In conclusion, the tribunal considered that France and Mauritius, by referring to the ICSID Convention, implicitly excluded dual nationals from the scope of the BIT. Consequently, it held that it had no jurisdiction over the dispute.

Interpreting the BIT according to the effet utile principle

According to the tribunal, the effet utile principle would reinforce that conclusion. The arbitrators referred to Cemex v. Venezuela and sustained that the useful effect, although not expressly set out in the VCLT, “is generally accepted to flow from the principle of interpretation of treaties in good faith as envisioned in VCLT Article 31(1)” (para. 182).

As the BIT referred to the ICSID Convention, according to which there is no room for arbitration involving dual national investors (Art. 25(2)), the arbitration clauses would be inoperable. Hence, the application of the effet utile principle would lead to the same conclusion: it would be meaningless to interpret the BIT as providing for arbitration with French–Mauritian dual nationals.

Establishing jurisdiction through the most-favoured-nation clause

It was undisputed that there was no investor–state arbitration clause in the France–Mauritius BIT. However, Mr. Rawat argued that Mauritius consented to arbitrate with French investors in two steps. First, it consented to the most-favoured-nation (MFN) clause of the France–Mauritius BIT, which allowed an investor to “benefit from all the provisions more favorable than those of [the BIT] which could result from international commitments already made or that would be made in the future” (BIT Art. 8). Second, Mauritius entered into an investment treaty with Finland providing for direct arbitration. Therefore, the claimant invoked the MFN clause in the France-Mauritius BIT to establish the tribunal’s jurisdiction.

Mauritius contended there was no consent to arbitrate, arguing that one can only rely on the MFN clause after establishing the tribunal’s jurisdiction under the treaty. As the BIT was silent on investor–state arbitration, it could not be considered a “matter” governed by the treaty.

The tribunal considered that Mr. Rawat was not covered by the France–Mauritius BIT, holding that the claimant could not benefit from substantive protections provided by the BIT. Notwithstanding, the tribunal proposed criteria for deciding if jurisdiction could be established via the MFN clause.

The “heart of the ejusdem generis test” (para. 187), according to the arbitrators, would be to define the scope of the expression “the matters covered by this agreement” (BIT Article 8) and whether the matters covered by the France–Mauritius BIT and by the Finland–Mauritius BIT were of the same kind.
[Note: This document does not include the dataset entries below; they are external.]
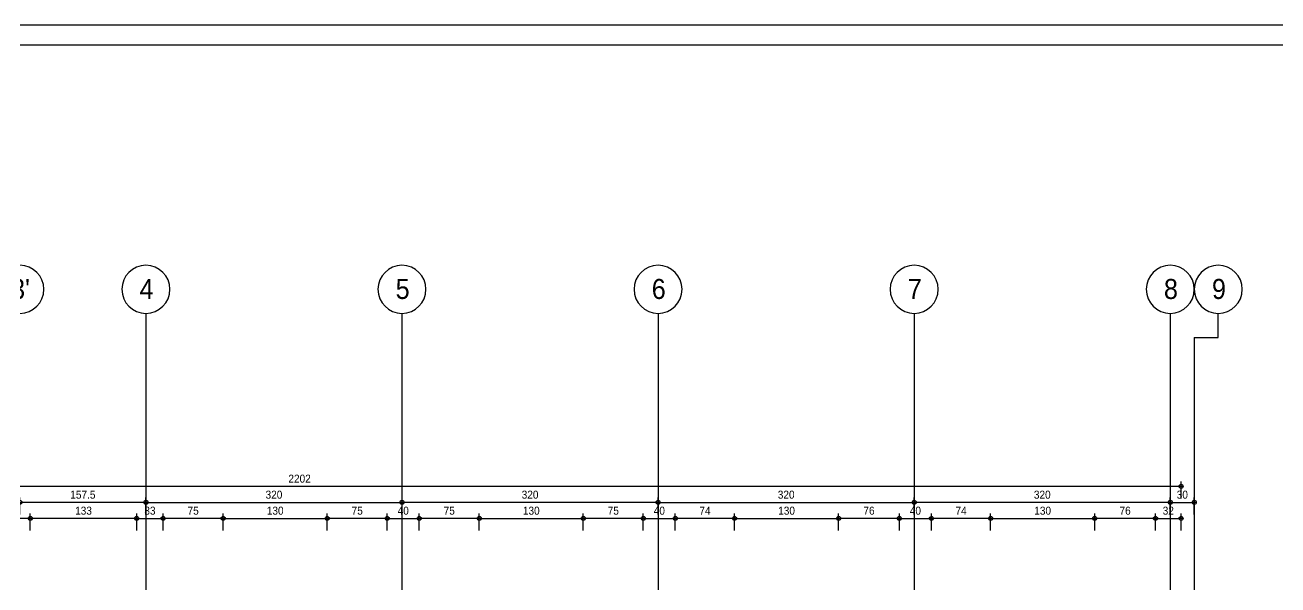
# Model space of a CAD drawing. Extents: x 460786 to 545292, y 30998 to 41694.
# Drawn here: x 469939 to 471505, y 40995 to 41694 of the extents above; entities that cross this region are included whole.
import ezdxf
from ezdxf.enums import TextEntityAlignment as Align

# ---------------------------------------------------------------- set-up
doc = ezdxf.new("R2010")
doc.units = 0
doc.header["$LTSCALE"] = 50
doc.header["$MEASUREMENT"] = 0
doc.header["$PDMODE"] = 35
doc.linetypes.add('DASHDOT', pattern=[5.5, 5, -0.25, 0, -0.25])
doc.layers.get('0').update_dxf_attribs({"linetype": 'CONTINUOUS'})
doc.layers.get('Defpoints').update_dxf_attribs({"linetype": 'CONTINUOUS'})
for name, color, linetype in [('A-Aks Balonu', 2, 'CONTINUOUS'), ('A-Aks Dikey', 12, 'DASHDOT'), ('A-Lejant', 23, 'CONTINUOUS'), ('A-Olcu DIS Yatay', 8, 'CONTINUOUS')]:
    doc.layers.add(name, color=color, linetype=linetype)
doc.styles.get("Standard").update_dxf_attribs({"font": 'arial.ttf', "width": 0.9})
doc.dimstyles.new('EXIT', dxfattribs={"dimscale": 50, "dimtxt": 0.23, "dimasz": 0.03, "dimexe": 0.125, "dimexo": 0.5, "dimgap": 0.09, "dimtad": 1, "dimzin": 1, "dimdsep": 46, "dimtxsty": 'Standard', "dimblk": 'TICK', "dimcen": 0.2, "dimadec": 0, "dimazin": 0, "dimtfac": 1, "dimtix": 1, "dimtofl": 0, "dimtmove": 2, "dimatfit": 3, "dimldrblk": 'TICK', "dimfxl": 1, "dimtolj": 1, "dimtzin": 1, "dimarcsym": 0})

# ---------------------------------------------------------------- blocks, each defined once
blk = doc.blocks.new('aks')
blk.add_circle((-0.8, 38.6), 60)
at = {"width": 0.9}
blk.add_attdef('AKSNO', text='', height=50, dxfattribs=at).set_placement((-0.8, 38.6), align=Align.MIDDLE_CENTER)
blk = doc.blocks.new('TICK', base_point=(53.7, 38.1))
blk.add_line((55.4, 38.1), (52, 38.1))
blk.add_circle((53.7, 38.1), 1.67)
blk = doc.blocks.new('*D219')
at = {"layer": 'A-Olcu DIS Yatay', "color": 0, "lineweight": -2, "transparency": 16777216}
for p, q in [((469932.6, 41082.7), (469932.6, 41103.9)), ((470088.6, 41097.7), (469934.1, 41097.7)), ((470090.1, 41082.7), (470090.1, 41103.9))]:
    blk.add_line(p, q, dxfattribs=at)
at = {"layer": 'Defpoints', "color": 0, "transparency": 16777216}
for p in [(469932.6, 41097.7), (469932.6, 41057.7), (470090.1, 41057.7)]:
    blk.add_point(p, dxfattribs=at)
at = {"layer": 'A-Olcu DIS Yatay', "color": 0, "lineweight": -2, "transparency": 16777216, "xscale": 1.5, "yscale": 1.5, "zscale": 1.5, "rotation": 180}
blk.add_blockref('TICK', (469932.6, 41097.7), dxfattribs=at)
at = {"layer": 'A-Olcu DIS Yatay', "color": 0, "lineweight": -2, "transparency": 16777216, "xscale": 1.5, "yscale": 1.5, "zscale": 1.5}
blk.add_blockref('TICK', (470090.1, 41097.7), dxfattribs=at)
at = {"layer": 'A-Olcu DIS Yatay', "color": 0, "transparency": 16777216, "insert": (470011.3, 41107.3), "char_height": 10, "attachment_point": 5}
blk.add_mtext('\\A1;157.5', dxfattribs=at)
blk = doc.blocks.new('*D220')
at = {"layer": 'A-Olcu DIS Yatay', "color": 0, "lineweight": -2, "transparency": 16777216}
for p, q in [((470090.1, 41082.7), (470090.1, 41103.9)), ((470091.6, 41097.7), (470408.6, 41097.7)), ((470410.1, 41082.7), (470410.1, 41103.9))]:
    blk.add_line(p, q, dxfattribs=at)
at = {"layer": 'Defpoints', "color": 0, "transparency": 16777216}
for p in [(470410.1, 41097.7), (470090.1, 41057.7), (470410.1, 41057.7)]:
    blk.add_point(p, dxfattribs=at)
at = {"layer": 'A-Olcu DIS Yatay', "color": 0, "lineweight": -2, "transparency": 16777216, "xscale": 1.5, "yscale": 1.5, "zscale": 1.5, "rotation": 180}
blk.add_blockref('TICK', (470090.1, 41097.7), dxfattribs=at)
at = {"layer": 'A-Olcu DIS Yatay', "color": 0, "lineweight": -2, "transparency": 16777216, "xscale": 1.5, "yscale": 1.5, "zscale": 1.5}
blk.add_blockref('TICK', (470410.1, 41097.7), dxfattribs=at)
at = {"layer": 'A-Olcu DIS Yatay', "color": 0, "transparency": 16777216, "insert": (470250.1, 41107.3), "char_height": 10, "attachment_point": 5}
blk.add_mtext('\\A1;320', dxfattribs=at)
blk = doc.blocks.new('*D221')
at = {"layer": 'A-Olcu DIS Yatay', "color": 0, "lineweight": -2, "transparency": 16777216}
for p, q in [((470410.1, 41082.7), (470410.1, 41103.9)), ((470728.6, 41097.7), (470411.6, 41097.7)), ((470730.1, 41082.7), (470730.1, 41103.9))]:
    blk.add_line(p, q, dxfattribs=at)
at = {"layer": 'Defpoints', "color": 0, "transparency": 16777216}
for p in [(470410.1, 41097.7), (470410.1, 41057.7), (470730.1, 41057.7)]:
    blk.add_point(p, dxfattribs=at)
at = {"layer": 'A-Olcu DIS Yatay', "color": 0, "lineweight": -2, "transparency": 16777216, "xscale": 1.5, "yscale": 1.5, "zscale": 1.5}
for p, rotation in [((470410.1, 41097.7), 180.0000000000013), ((470730.1, 41097.7), 1.358912982141192e-12)]:
    blk.add_blockref('TICK', p, dxfattribs=dict(at, rotation=rotation))
at = {"layer": 'A-Olcu DIS Yatay', "color": 0, "transparency": 16777216, "insert": (470570.1, 41107.3), "char_height": 10, "attachment_point": 5}
blk.add_mtext('\\A1;320', dxfattribs=at)
blk = doc.blocks.new('*D222')
at = {"layer": 'A-Olcu DIS Yatay', "color": 0, "lineweight": -2, "transparency": 16777216}
for p, q in [((470730.1, 41082.7), (470730.1, 41103.9)), ((470731.6, 41097.7), (471048.6, 41097.7)), ((471050.1, 41082.7), (471050.1, 41103.9))]:
    blk.add_line(p, q, dxfattribs=at)
at = {"layer": 'Defpoints', "color": 0, "transparency": 16777216}
for p in [(471050.1, 41097.7), (470730.1, 41057.7), (471050.1, 41057.7)]:
    blk.add_point(p, dxfattribs=at)
at = {"layer": 'A-Olcu DIS Yatay', "color": 0, "lineweight": -2, "transparency": 16777216, "xscale": 1.5, "yscale": 1.5, "zscale": 1.5, "rotation": 180}
blk.add_blockref('TICK', (470730.1, 41097.7), dxfattribs=at)
at = {"layer": 'A-Olcu DIS Yatay', "color": 0, "lineweight": -2, "transparency": 16777216, "xscale": 1.5, "yscale": 1.5, "zscale": 1.5}
blk.add_blockref('TICK', (471050.1, 41097.7), dxfattribs=at)
at = {"layer": 'A-Olcu DIS Yatay', "color": 0, "transparency": 16777216, "insert": (470890.1, 41107.3), "char_height": 10, "attachment_point": 5}
blk.add_mtext('\\A1;320', dxfattribs=at)
blk = doc.blocks.new('*D223')
at = {"layer": 'A-Olcu DIS Yatay', "color": 0, "lineweight": -2, "transparency": 16777216}
for p, q in [((471050.1, 41082.7), (471050.1, 41103.9)), ((471368.6, 41097.7), (471051.6, 41097.7)), ((471370.1, 41082.7), (471370.1, 41103.9))]:
    blk.add_line(p, q, dxfattribs=at)
at = {"layer": 'Defpoints', "color": 0, "transparency": 16777216}
for p in [(471050.1, 41097.7), (471050.1, 41057.7), (471370.1, 41057.7)]:
    blk.add_point(p, dxfattribs=at)
at = {"layer": 'A-Olcu DIS Yatay', "color": 0, "lineweight": -2, "transparency": 16777216, "xscale": 1.5, "yscale": 1.5, "zscale": 1.5}
for p, rotation in [((471050.1, 41097.7), 180.0000000000013), ((471370.1, 41097.7), 1.358912982141192e-12)]:
    blk.add_blockref('TICK', p, dxfattribs=dict(at, rotation=rotation))
at = {"layer": 'A-Olcu DIS Yatay', "color": 0, "transparency": 16777216, "insert": (471210.1, 41107.3), "char_height": 10, "attachment_point": 5}
blk.add_mtext('\\A1;320', dxfattribs=at)
blk = doc.blocks.new('*D224')
at = {"layer": 'A-Olcu DIS Yatay', "color": 0, "lineweight": -2, "transparency": 16777216}
for p, q in [((471370.1, 41082.7), (471370.1, 41103.9)), ((471371.6, 41097.7), (471398.6, 41097.7)), ((471400.1, 41082.7), (471400.1, 41103.9))]:
    blk.add_line(p, q, dxfattribs=at)
at = {"layer": 'Defpoints', "color": 0, "transparency": 16777216}
for p in [(471400.1, 41097.7), (471370.1, 41057.7), (471400.1, 41057.7)]:
    blk.add_point(p, dxfattribs=at)
at = {"layer": 'A-Olcu DIS Yatay', "color": 0, "lineweight": -2, "transparency": 16777216, "xscale": 1.5, "yscale": 1.5, "zscale": 1.5, "rotation": 180}
blk.add_blockref('TICK', (471370.1, 41097.7), dxfattribs=at)
at = {"layer": 'A-Olcu DIS Yatay', "color": 0, "lineweight": -2, "transparency": 16777216, "xscale": 1.5, "yscale": 1.5, "zscale": 1.5}
blk.add_blockref('TICK', (471400.1, 41097.7), dxfattribs=at)
at = {"layer": 'A-Olcu DIS Yatay', "color": 0, "transparency": 16777216, "insert": (471385.1, 41107.3), "char_height": 10, "attachment_point": 5}
blk.add_mtext('\\A1;30', dxfattribs=at)
blk = doc.blocks.new('*D225')
at = {"layer": 'A-Olcu DIS Yatay', "color": 0, "lineweight": -2, "transparency": 16777216}
for p, q in [((469180.6, 41062.7), (469180.6, 41083.9)), ((469945.6, 41062.7), (469945.6, 41083.9)), ((469944.1, 41077.7), (469182.1, 41077.7))]:
    blk.add_line(p, q, dxfattribs=at)
at = {"layer": 'Defpoints', "color": 0, "transparency": 16777216}
for p in [(469180.6, 41077.7), (469180.6, 41037.7), (469945.6, 41037.7)]:
    blk.add_point(p, dxfattribs=at)
at = {"layer": 'A-Olcu DIS Yatay', "color": 0, "lineweight": -2, "transparency": 16777216, "xscale": 1.5, "yscale": 1.5, "zscale": 1.5}
for p, rotation in [((469180.6, 41077.7), 179.9999999999984), ((469945.6, 41077.7), 359.9999999999984)]:
    blk.add_blockref('TICK', p, dxfattribs=dict(at, rotation=rotation))
at = {"layer": 'A-Olcu DIS Yatay', "color": 0, "transparency": 16777216, "insert": (469563.1, 41087.3), "char_height": 10, "attachment_point": 5}
blk.add_mtext('\\A1;765', dxfattribs=at)
blk = doc.blocks.new('*D226')
at = {"layer": 'A-Olcu DIS Yatay', "color": 0, "lineweight": -2, "transparency": 16777216}
for p, q in [((471351.6, 41062.7), (471351.6, 41083.9)), ((471383.6, 41062.7), (471383.6, 41083.9)), ((471353.1, 41077.7), (471382.1, 41077.7))]:
    blk.add_line(p, q, dxfattribs=at)
at = {"layer": 'Defpoints', "color": 0, "transparency": 16777216}
for p in [(471383.6, 41077.7), (471351.6, 41037.7), (471383.6, 41037.7)]:
    blk.add_point(p, dxfattribs=at)
at = {"layer": 'A-Olcu DIS Yatay', "color": 0, "lineweight": -2, "transparency": 16777216, "xscale": 1.5, "yscale": 1.5, "zscale": 1.5, "rotation": 180}
blk.add_blockref('TICK', (471351.6, 41077.7), dxfattribs=at)
at = {"layer": 'A-Olcu DIS Yatay', "color": 0, "lineweight": -2, "transparency": 16777216, "xscale": 1.5, "yscale": 1.5, "zscale": 1.5}
blk.add_blockref('TICK', (471383.6, 41077.7), dxfattribs=at)
at = {"layer": 'A-Olcu DIS Yatay', "color": 0, "transparency": 16777216, "insert": (471367.6, 41087.3), "char_height": 10, "attachment_point": 5}
blk.add_mtext('\\A1;32', dxfattribs=at)
blk = doc.blocks.new('*D227')
at = {"layer": 'A-Olcu DIS Yatay', "color": 0, "lineweight": -2, "transparency": 16777216}
for p, q in [((469180.6, 41102.7), (469180.6, 41123.9)), ((471382.1, 41117.7), (469182.1, 41117.7)), ((471383.6, 41102.7), (471383.6, 41123.9))]:
    blk.add_line(p, q, dxfattribs=at)
at = {"layer": 'Defpoints', "color": 0, "transparency": 16777216}
for p in [(469180.6, 41117.7), (469180.6, 41077.7), (471383.6, 41077.7)]:
    blk.add_point(p, dxfattribs=at)
at = {"layer": 'A-Olcu DIS Yatay', "color": 0, "lineweight": -2, "transparency": 16777216, "xscale": 1.5, "yscale": 1.5, "zscale": 1.5}
for p, rotation in [((469180.6, 41117.7), 180.0000000000013), ((471383.6, 41117.7), 1.358912982141192e-12)]:
    blk.add_blockref('TICK', p, dxfattribs=dict(at, rotation=rotation))
at = {"layer": 'A-Olcu DIS Yatay', "color": 0, "transparency": 16777216, "insert": (470282.1, 41127.3), "char_height": 10, "attachment_point": 5}
blk.add_mtext('\\A1;{\\fArial TUR|b0|i0|c162|p34;2202}', dxfattribs=at)
blk = doc.blocks.new('*D229')
at = {"layer": 'A-Olcu DIS Yatay', "color": 0, "lineweight": -2, "transparency": 16777216}
for p, q in [((470078.6, 41062.7), (470078.6, 41083.9)), ((470111.6, 41062.7), (470111.6, 41083.9)), ((470080.1, 41077.7), (470110.1, 41077.7))]:
    blk.add_line(p, q, dxfattribs=at)
at = {"layer": 'Defpoints', "color": 0, "transparency": 16777216}
for p in [(470111.6, 41077.7), (470078.6, 41037.7), (470111.6, 41037.7)]:
    blk.add_point(p, dxfattribs=at)
at = {"layer": 'A-Olcu DIS Yatay', "color": 0, "lineweight": -2, "transparency": 16777216, "xscale": 1.5, "yscale": 1.5, "zscale": 1.5, "rotation": 180}
blk.add_blockref('TICK', (470078.6, 41077.7), dxfattribs=at)
at = {"layer": 'A-Olcu DIS Yatay', "color": 0, "lineweight": -2, "transparency": 16777216, "xscale": 1.5, "yscale": 1.5, "zscale": 1.5}
blk.add_blockref('TICK', (470111.6, 41077.7), dxfattribs=at)
at = {"layer": 'A-Olcu DIS Yatay', "color": 0, "transparency": 16777216, "insert": (470095.1, 41087.3), "char_height": 10, "attachment_point": 5}
blk.add_mtext('\\A1;33', dxfattribs=at)
blk = doc.blocks.new('*D230')
at = {"layer": 'A-Olcu DIS Yatay', "color": 0, "lineweight": -2, "transparency": 16777216}
for p, q in [((471275.6, 41062.7), (471275.6, 41083.9)), ((471351.6, 41062.7), (471351.6, 41083.9)), ((471350.1, 41077.7), (471277.1, 41077.7))]:
    blk.add_line(p, q, dxfattribs=at)
at = {"layer": 'Defpoints', "color": 0, "transparency": 16777216}
for p in [(471275.6, 41077.7), (471275.6, 41037.7), (471351.6, 41037.7)]:
    blk.add_point(p, dxfattribs=at)
at = {"layer": 'A-Olcu DIS Yatay', "color": 0, "lineweight": -2, "transparency": 16777216, "xscale": 1.5, "yscale": 1.5, "zscale": 1.5}
for p, rotation in [((471275.6, 41077.7), 180.0000000000604), ((471351.6, 41077.7), 6.035172361862351e-11)]:
    blk.add_blockref('TICK', p, dxfattribs=dict(at, rotation=rotation))
at = {"layer": 'A-Olcu DIS Yatay', "color": 0, "transparency": 16777216, "insert": (471313.6, 41087.3), "char_height": 10, "attachment_point": 5}
blk.add_mtext('\\A1;76', dxfattribs=at)
blk = doc.blocks.new('*D231')
at = {"layer": 'A-Olcu DIS Yatay', "color": 0, "lineweight": -2, "transparency": 16777216}
for p, q in [((471145.6, 41062.7), (471145.6, 41083.9)), ((471275.6, 41062.7), (471275.6, 41083.9)), ((471147.1, 41077.7), (471274.1, 41077.7))]:
    blk.add_line(p, q, dxfattribs=at)
at = {"layer": 'Defpoints', "color": 0, "transparency": 16777216}
for p in [(471275.6, 41077.7), (471145.6, 41037.7), (471275.6, 41037.7)]:
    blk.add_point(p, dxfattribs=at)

This would involve distinguishing matters and treatments by assessing the “level of granularity” at which matters should be considered. Such difference would be relevant as “matters cannot be ‘bettered’ by virtue of MFN clauses; ‘treatment’ of matters may” (para. 187).

Decision and costs

The tribunal concluded it lacked jurisdiction over the dispute, ordering Mr. Rawat to pay one third of Mauritius’ total fees and expenses for the jurisdictional objection phase. No further reimbursement was determined regarding the arbitration costs, as neither party had prevailed on its prior requests for interim measures.

Notes: The arbitral tribunal was composed of Lucy Reed (Presiding arbitrator appointed by the Parties, U.S. national), Jean-Christophe Honlet (Claimant’s appointee, French national) and Vaughan Lowe (Respondent’s appointee, British national). The award on jurisdiction of April 6, 2018 is available at https://www.italaw.com/sites/default/files/case-documents/italaw9618.pdf

Pietro Benedetti Teixeira Webber is a final year law student at the Federal University of Rio Grande do Sul, Brazil.